-- DIRECTIONS --
Write out again, exactly, the lines below starting at the one with "A CAD part, left-side" and ending at the one with "#2117 = LINE ( 'NONE', #15868, #10123 ) ;".

-- THE DATA --
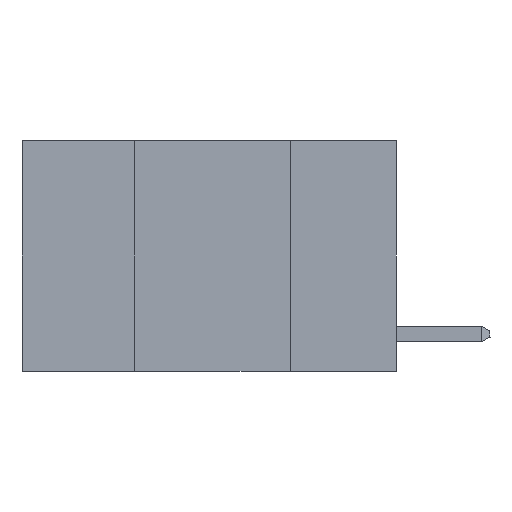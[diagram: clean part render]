
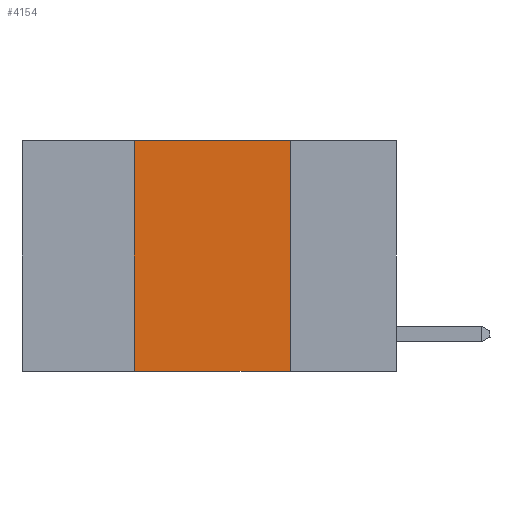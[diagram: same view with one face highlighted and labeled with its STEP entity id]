
A CAD part, left-side view. The second image highlights one B-rep face of the part: STEP entity #4154.
In plain terms, the highlighted planar face has unit normal (-1, 0, 0).
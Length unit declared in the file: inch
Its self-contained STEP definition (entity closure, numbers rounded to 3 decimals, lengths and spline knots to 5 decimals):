
#667 = FACE_OUTER_BOUND ( 'NONE', #16725, .T. ) ;
#1059 = ORIENTED_EDGE ( 'NONE', *, *, #9328, .T. ) ;
#1728 = DIRECTION ( 'NONE',  ( 0., -1., 0. ) ) ;
#2117 = LINE ( 'NONE', #15868, #10123 ) ;
#2342 = DIRECTION ( 'NONE',  ( 1., 0., 0. ) ) ;
#2347 = VECTOR ( 'NONE', #10646, 39.37008 ) ;
#3206 = VERTEX_POINT ( 'NONE', #21568 ) ;
#4154 = ADVANCED_FACE ( 'NONE', ( #667 ), #19130, .F. ) ;
#4240 = EDGE_CURVE ( 'NONE', #10282, #18150, #7851, .T. ) ;
#4617 = AXIS2_PLACEMENT_3D ( 'NONE', #17339, #2342, #20931 ) ;
#4872 = ORIENTED_EDGE ( 'NONE', *, *, #20647, .F. ) ;
#5461 = LINE ( 'NONE', #20663, #2347 ) ;
#5541 = LINE ( 'NONE', #8923, #20550 ) ;
#6638 = CARTESIAN_POINT ( 'NONE',  ( 0., 0.42, 0. ) ) ;
#7344 = CARTESIAN_POINT ( 'NONE',  ( 0., 0.42, -0.37 ) ) ;
#7851 = LINE ( 'NONE', #7968, #21172 ) ;
#7968 = CARTESIAN_POINT ( 'NONE',  ( 0., 0.42, 0. ) ) ;
#8899 = ORIENTED_EDGE ( 'NONE', *, *, #4240, .F. ) ;
#8923 = CARTESIAN_POINT ( 'NONE',  ( 0., 0.6, 0. ) ) ;
#9328 = EDGE_CURVE ( 'NONE', #10282, #3206, #2117, .T. ) ;
#10123 = VECTOR ( 'NONE', #14063, 39.37008 ) ;
#10282 = VERTEX_POINT ( 'NONE', #7344 ) ;
#10646 = DIRECTION ( 'NONE',  ( 0., 0., -1. ) ) ;
#11461 = DIRECTION ( 'NONE',  ( 0., 0., 1. ) ) ;
#12583 = CARTESIAN_POINT ( 'NONE',  ( 0., 0.17, 0. ) ) ;
#13118 = EDGE_CURVE ( 'NONE', #18150, #15432, #5541, .T. ) ;
#14063 = DIRECTION ( 'NONE',  ( 0., -1., 0. ) ) ;
#15432 = VERTEX_POINT ( 'NONE', #12583 ) ;
#15868 = CARTESIAN_POINT ( 'NONE',  ( 0., 0.6, -0.37 ) ) ;
#16670 = ORIENTED_EDGE ( 'NONE', *, *, #13118, .F. ) ;
#16725 = EDGE_LOOP ( 'NONE', ( #4872, #16670, #8899, #1059 ) ) ;
#17339 = CARTESIAN_POINT ( 'NONE',  ( 0., 0.6, 0. ) ) ;
#18150 = VERTEX_POINT ( 'NONE', #6638 ) ;
#19130 = PLANE ( 'NONE',  #4617 ) ;
#20550 = VECTOR ( 'NONE', #1728, 39.37008 ) ;
#20647 = EDGE_CURVE ( 'NONE', #15432, #3206, #5461, .T. ) ;
#20663 = CARTESIAN_POINT ( 'NONE',  ( 0., 0.17, 0. ) ) ;
#20931 = DIRECTION ( 'NONE',  ( 0., 0., -1. ) ) ;
#21172 = VECTOR ( 'NONE', #11461, 39.37008 ) ;
#21568 = CARTESIAN_POINT ( 'NONE',  ( 0., 0.17, -0.37 ) ) ;

-- FINAL ANSWER --
A CAD part, left-side view. The second image highlights one B-rep face of the part: STEP entity #4154.
In plain terms, the highlighted planar face has unit normal (-1, 0, 0).
Length unit declared in the file: inch
Its self-contained STEP definition (entity closure, numbers rounded to 3 decimals, lengths and spline knots to 5 decimals):
#667 = FACE_OUTER_BOUND ( 'NONE', #16725, .T. ) ;
#1059 = ORIENTED_EDGE ( 'NONE', *, *, #9328, .T. ) ;
#1728 = DIRECTION ( 'NONE',  ( 0., -1., 0. ) ) ;
#2117 = LINE ( 'NONE', #15868, #10123 ) ;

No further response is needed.